A long time ago I was a biologist, then bioinformaticist. I wrote some code
that would scale to a single node, and to a few dozen cores. In doing so, I
realized how much I hated writing the same boilerplate code over and over
again. TBB, c++11 threads, OpenMP, and MPI all basically have the same level
of boilerplate and gotchas. I wanted to make something that was relatively
easy to use and easily integrable with C/C++ code. Go was the only thing that
came close, but it was brand new at the time.
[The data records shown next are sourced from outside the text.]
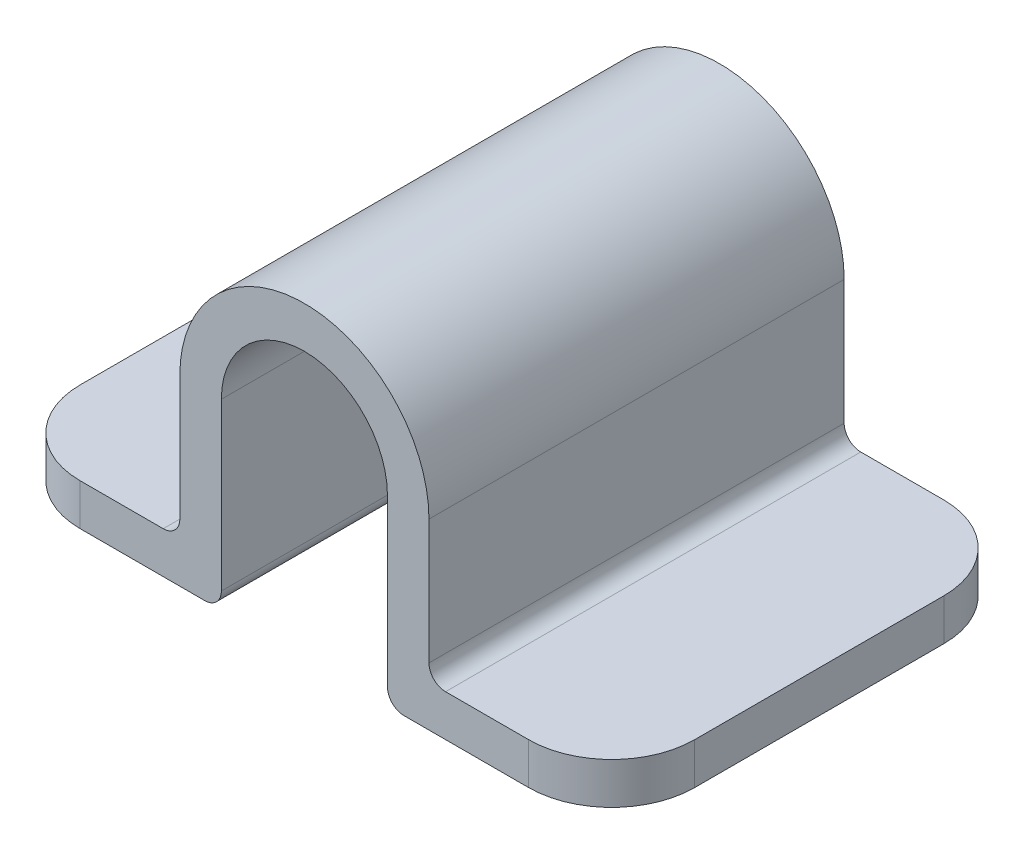
ISO-10303-21;
HEADER;
FILE_DESCRIPTION(('STEP AP214'),'2;1');
FILE_NAME('part.step','',(''),(''),'','','');
FILE_SCHEMA(('AUTOMOTIVE_DESIGN { 1 0 10303 214 1 1 1 1 }'));
ENDSEC;
DATA;
#1=APPLICATION_CONTEXT('core data for automotive mechanical design processes');
#2=APPLICATION_PROTOCOL_DEFINITION('international standard','automotive_design',2000,#1);
#3=PRODUCT_CONTEXT('',#1,'mechanical');
#4=PRODUCT('Part','Part','',(#3));
#5=PRODUCT_RELATED_PRODUCT_CATEGORY('part','',(#4));
#6=PRODUCT_DEFINITION_FORMATION('','',#4);
#7=PRODUCT_DEFINITION_CONTEXT('part definition',#1,'design');
#8=PRODUCT_DEFINITION('design','',#6,#7);
#9=PRODUCT_DEFINITION_SHAPE('','',#8);
#10=(LENGTH_UNIT() NAMED_UNIT(*) SI_UNIT(.MILLI.,.METRE.));
#11=(NAMED_UNIT(*) PLANE_ANGLE_UNIT() SI_UNIT($,.RADIAN.));
#12=(NAMED_UNIT(*) SI_UNIT($,.STERADIAN.) SOLID_ANGLE_UNIT());
#13=UNCERTAINTY_MEASURE_WITH_UNIT(LENGTH_MEASURE(1.E-05),#10,'distance_accuracy_value','');
#14=(GEOMETRIC_REPRESENTATION_CONTEXT(3) GLOBAL_UNCERTAINTY_ASSIGNED_CONTEXT((#13)) GLOBAL_UNIT_ASSIGNED_CONTEXT((#10,
#11,#12)) REPRESENTATION_CONTEXT('',''));
#15=CARTESIAN_POINT('',(0.,0.,0.));
#16=DIRECTION('',(0.,0.,1.));
#17=DIRECTION('',(1.,0.,0.));
#18=AXIS2_PLACEMENT_3D('',#15,#16,#17);
#19=CARTESIAN_POINT('',(0.,0.,-50.));
#20=DIRECTION('',(0.,0.,1.));
#21=DIRECTION('',(1.,0.,0.));
#22=AXIS2_PLACEMENT_3D('',#19,#20,#21);
#23=CYLINDRICAL_SURFACE('',#22,15.);
#24=CARTESIAN_POINT('',(0.,0.,0.));
#25=DIRECTION('',(0.,0.,1.));
#26=DIRECTION('',(1.,0.,0.));
#27=AXIS2_PLACEMENT_3D('',#24,#25,#26);
#28=CIRCLE('',#27,15.);
#29=CARTESIAN_POINT('',(15.,0.,0.));
#30=VERTEX_POINT('',#29);
#31=CARTESIAN_POINT('',(-15.,0.,0.));
#32=VERTEX_POINT('',#31);
#33=EDGE_CURVE('E263',#30,#32,#28,.T.);
#34=ORIENTED_EDGE('',*,*,#33,.F.);
#35=DIRECTION('',(0.,0.,1.));
#36=VECTOR('',#35,1.);
#37=CARTESIAN_POINT('',(15.,0.,-50.));
#38=LINE('',#37,#36);
#39=CARTESIAN_POINT('',(15.,0.,-50.));
#40=VERTEX_POINT('',#39);
#41=EDGE_CURVE('E213',#40,#30,#38,.T.);
#42=ORIENTED_EDGE('',*,*,#41,.F.);
#43=CARTESIAN_POINT('',(0.,0.,-50.));
#44=DIRECTION('',(0.,0.,1.));
#45=DIRECTION('',(1.,0.,0.));
#46=AXIS2_PLACEMENT_3D('',#43,#44,#45);
#47=CIRCLE('',#46,15.);
#48=CARTESIAN_POINT('',(-15.,0.,-50.));
#49=VERTEX_POINT('',#48);
#50=EDGE_CURVE('E206',#40,#49,#47,.T.);
#51=ORIENTED_EDGE('',*,*,#50,.T.);
#52=DIRECTION('',(0.,0.,1.));
#53=VECTOR('',#52,1.);
#54=CARTESIAN_POINT('',(-15.,0.,-50.));
#55=LINE('',#54,#53);
#56=EDGE_CURVE('E188',#49,#32,#55,.T.);
#57=ORIENTED_EDGE('',*,*,#56,.T.);
#58=EDGE_LOOP('',(#34,#42,#51,#57));
#59=FACE_BOUND('',#58,.T.);
#60=ADVANCED_FACE('F50',(#59),#23,.T.);
#61=CARTESIAN_POINT('',(15.,0.,-50.));
#62=DIRECTION('',(-1.,0.,0.));
#63=DIRECTION('',(0.,0.,1.));
#64=AXIS2_PLACEMENT_3D('',#61,#62,#63);
#65=PLANE('',#64);
#66=DIRECTION('',(0.,-1.,0.));
#67=VECTOR('',#66,1.);
#68=CARTESIAN_POINT('',(15.,0.,0.));
#69=LINE('',#68,#67);
#70=CARTESIAN_POINT('',(15.,-15.,0.));
#71=VERTEX_POINT('',#70);
#72=EDGE_CURVE('E216',#30,#71,#69,.T.);
#73=ORIENTED_EDGE('',*,*,#72,.T.);
#74=DIRECTION('',(0.,0.,1.));
#75=VECTOR('',#74,1.);
#76=CARTESIAN_POINT('',(15.,-15.,-50.));
#77=LINE('',#76,#75);
#78=CARTESIAN_POINT('',(15.,-15.,-50.));
#79=VERTEX_POINT('',#78);
#80=EDGE_CURVE('E310',#79,#71,#77,.T.);
#81=ORIENTED_EDGE('',*,*,#80,.F.);
#82=DIRECTION('',(0.,-1.,0.));
#83=VECTOR('',#82,1.);
#84=CARTESIAN_POINT('',(15.,0.,-50.));
#85=LINE('',#84,#83);
#86=EDGE_CURVE('E200',#40,#79,#85,.T.);
#87=ORIENTED_EDGE('',*,*,#86,.F.);
#88=ORIENTED_EDGE('',*,*,#41,.T.);
#89=EDGE_LOOP('',(#73,#81,#87,#88));
#90=FACE_BOUND('',#89,.T.);
#91=ADVANCED_FACE('F432',(#90),#65,.F.);
#92=CARTESIAN_POINT('',(17.,-15.,-50.));
#93=DIRECTION('',(0.,0.,1.));
#94=DIRECTION('',(1.,0.,0.));
#95=AXIS2_PLACEMENT_3D('',#92,#93,#94);
#96=CYLINDRICAL_SURFACE('',#95,2.);
#97=CARTESIAN_POINT('',(17.,-15.,0.));
#98=DIRECTION('',(0.,0.,-1.));
#99=DIRECTION('',(-1.,0.,0.));
#100=AXIS2_PLACEMENT_3D('',#97,#98,#99);
#101=CIRCLE('',#100,2.);
#102=CARTESIAN_POINT('',(17.,-17.,0.));
#103=VERTEX_POINT('',#102);
#104=EDGE_CURVE('E220',#103,#71,#101,.T.);
#105=ORIENTED_EDGE('',*,*,#104,.F.);
#106=DIRECTION('',(0.,0.,1.));
#107=VECTOR('',#106,1.);
#108=CARTESIAN_POINT('',(17.,-17.,-50.));
#109=LINE('',#108,#107);
#110=CARTESIAN_POINT('',(17.,-17.,-50.));
#111=VERTEX_POINT('',#110);
#112=EDGE_CURVE('E313',#111,#103,#109,.T.);
#113=ORIENTED_EDGE('',*,*,#112,.F.);
#114=CARTESIAN_POINT('',(17.,-15.,-50.));
#115=DIRECTION('',(0.,0.,-1.));
#116=DIRECTION('',(-1.,0.,0.));
#117=AXIS2_PLACEMENT_3D('',#114,#115,#116);
#118=CIRCLE('',#117,2.);
#119=EDGE_CURVE('E257',#111,#79,#118,.T.);
#120=ORIENTED_EDGE('',*,*,#119,.T.);
#121=ORIENTED_EDGE('',*,*,#80,.T.);
#122=EDGE_LOOP('',(#105,#113,#120,#121));
#123=FACE_BOUND('',#122,.T.);
#124=ADVANCED_FACE('F437',(#123),#96,.F.);
#125=CARTESIAN_POINT('',(17.,-17.,-50.));
#126=DIRECTION('',(0.,-1.,0.));
#127=DIRECTION('',(0.,0.,-1.));
#128=AXIS2_PLACEMENT_3D('',#125,#126,#127);
#129=PLANE('',#128);
#130=DIRECTION('',(1.,0.,0.));
#131=VECTOR('',#130,1.);
#132=CARTESIAN_POINT('',(17.,-17.,0.));
#133=LINE('',#132,#131);
#134=CARTESIAN_POINT('',(27.,-17.,0.));
#135=VERTEX_POINT('',#134);
#136=EDGE_CURVE('E300',#103,#135,#133,.T.);
#137=ORIENTED_EDGE('',*,*,#136,.T.);
#138=CARTESIAN_POINT('',(27.,-17.,-10.));
#139=DIRECTION('',(0.,-1.,0.));
#140=DIRECTION('',(0.,0.,-1.));
#141=AXIS2_PLACEMENT_3D('',#138,#139,#140);
#142=CIRCLE('',#141,10.);
#143=CARTESIAN_POINT('',(37.,-17.,-10.));
#144=VERTEX_POINT('',#143);
#145=EDGE_CURVE('E378',#135,#144,#142,.F.);
#146=ORIENTED_EDGE('',*,*,#145,.T.);
#147=DIRECTION('',(0.,0.,1.));
#148=VECTOR('',#147,1.);
#149=CARTESIAN_POINT('',(37.,-17.,-50.));
#150=LINE('',#149,#148);
#151=CARTESIAN_POINT('',(37.,-17.,-40.));
#152=VERTEX_POINT('',#151);
#153=EDGE_CURVE('E316',#152,#144,#150,.T.);
#154=ORIENTED_EDGE('',*,*,#153,.F.);
#155=CARTESIAN_POINT('',(27.,-17.,-40.));
#156=DIRECTION('',(0.,-1.,0.));
#157=DIRECTION('',(0.,0.,-1.));
#158=AXIS2_PLACEMENT_3D('',#155,#156,#157);
#159=CIRCLE('',#158,10.);
#160=CARTESIAN_POINT('',(27.,-17.,-50.));
#161=VERTEX_POINT('',#160);
#162=EDGE_CURVE('E375',#152,#161,#159,.F.);
#163=ORIENTED_EDGE('',*,*,#162,.T.);
#164=DIRECTION('',(1.,0.,0.));
#165=VECTOR('',#164,1.);
#166=CARTESIAN_POINT('',(17.,-17.,-50.));
#167=LINE('',#166,#165);
#168=EDGE_CURVE('E254',#111,#161,#167,.T.);
#169=ORIENTED_EDGE('',*,*,#168,.F.);
#170=ORIENTED_EDGE('',*,*,#112,.T.);
#171=EDGE_LOOP('',(#137,#146,#154,#163,#169,#170));
#172=FACE_BOUND('',#171,.T.);
#173=ADVANCED_FACE('F518',(#172),#129,.F.);
#174=CARTESIAN_POINT('',(37.,-17.,-50.));
#175=DIRECTION('',(-1.,0.,0.));
#176=DIRECTION('',(0.,0.,1.));
#177=AXIS2_PLACEMENT_3D('',#174,#175,#176);
#178=PLANE('',#177);
#179=ORIENTED_EDGE('',*,*,#153,.T.);
#180=DIRECTION('',(0.,-1.,0.));
#181=VECTOR('',#180,1.);
#182=CARTESIAN_POINT('',(37.,-22.,-10.));
#183=LINE('',#182,#181);
#184=CARTESIAN_POINT('',(37.,-22.,-10.));
#185=VERTEX_POINT('',#184);
#186=EDGE_CURVE('E359',#144,#185,#183,.T.);
#187=ORIENTED_EDGE('',*,*,#186,.T.);
#188=DIRECTION('',(0.,0.,1.));
#189=VECTOR('',#188,1.);
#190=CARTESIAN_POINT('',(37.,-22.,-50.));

It occurred to me while working on the AutoPipe system as a grad student that
I could do something even better than a simple coordination language and at
the same time subsume the functionality of a lot of parallel libraries. With
stream/data-flow processing, I can do the exact same things I can do with
OpenMP and MPI, but I can do more. The state encapsulation allows a whole host
of cool optimizations, like identifying bottlenecks and duplicating actors
dynamically (there's a whole host of reasons we'd be limited in OpenMP, c++11
threads). You can also compile an encapsulated function to another hardware
platform entirely, or use high level synthesis tools to go to an FPGA (I'll be
going there again soon too with RaftLib). The only thing that has to be
constant across optimizations, is the connectivity of the DAG. By maintaining
a port interface, just like you would hardware components (see Arvind's work
from MIT...he's famous enough I just have to say Arvind :), we can compose
really complicated applications. The port interface, it turns out, is also
perfect for distributed compute.

Awhile back, I also had the realization that iostreams were perfect for this
paradigm. Once you get your head around the concept, it seems quite natural.
If it doesn't take off as a library, oh well. I enjoy working on it, and using
it so I'll likely keep developing it in my spare time.

In the interim, I'll get back to exascale hardware stuffs :).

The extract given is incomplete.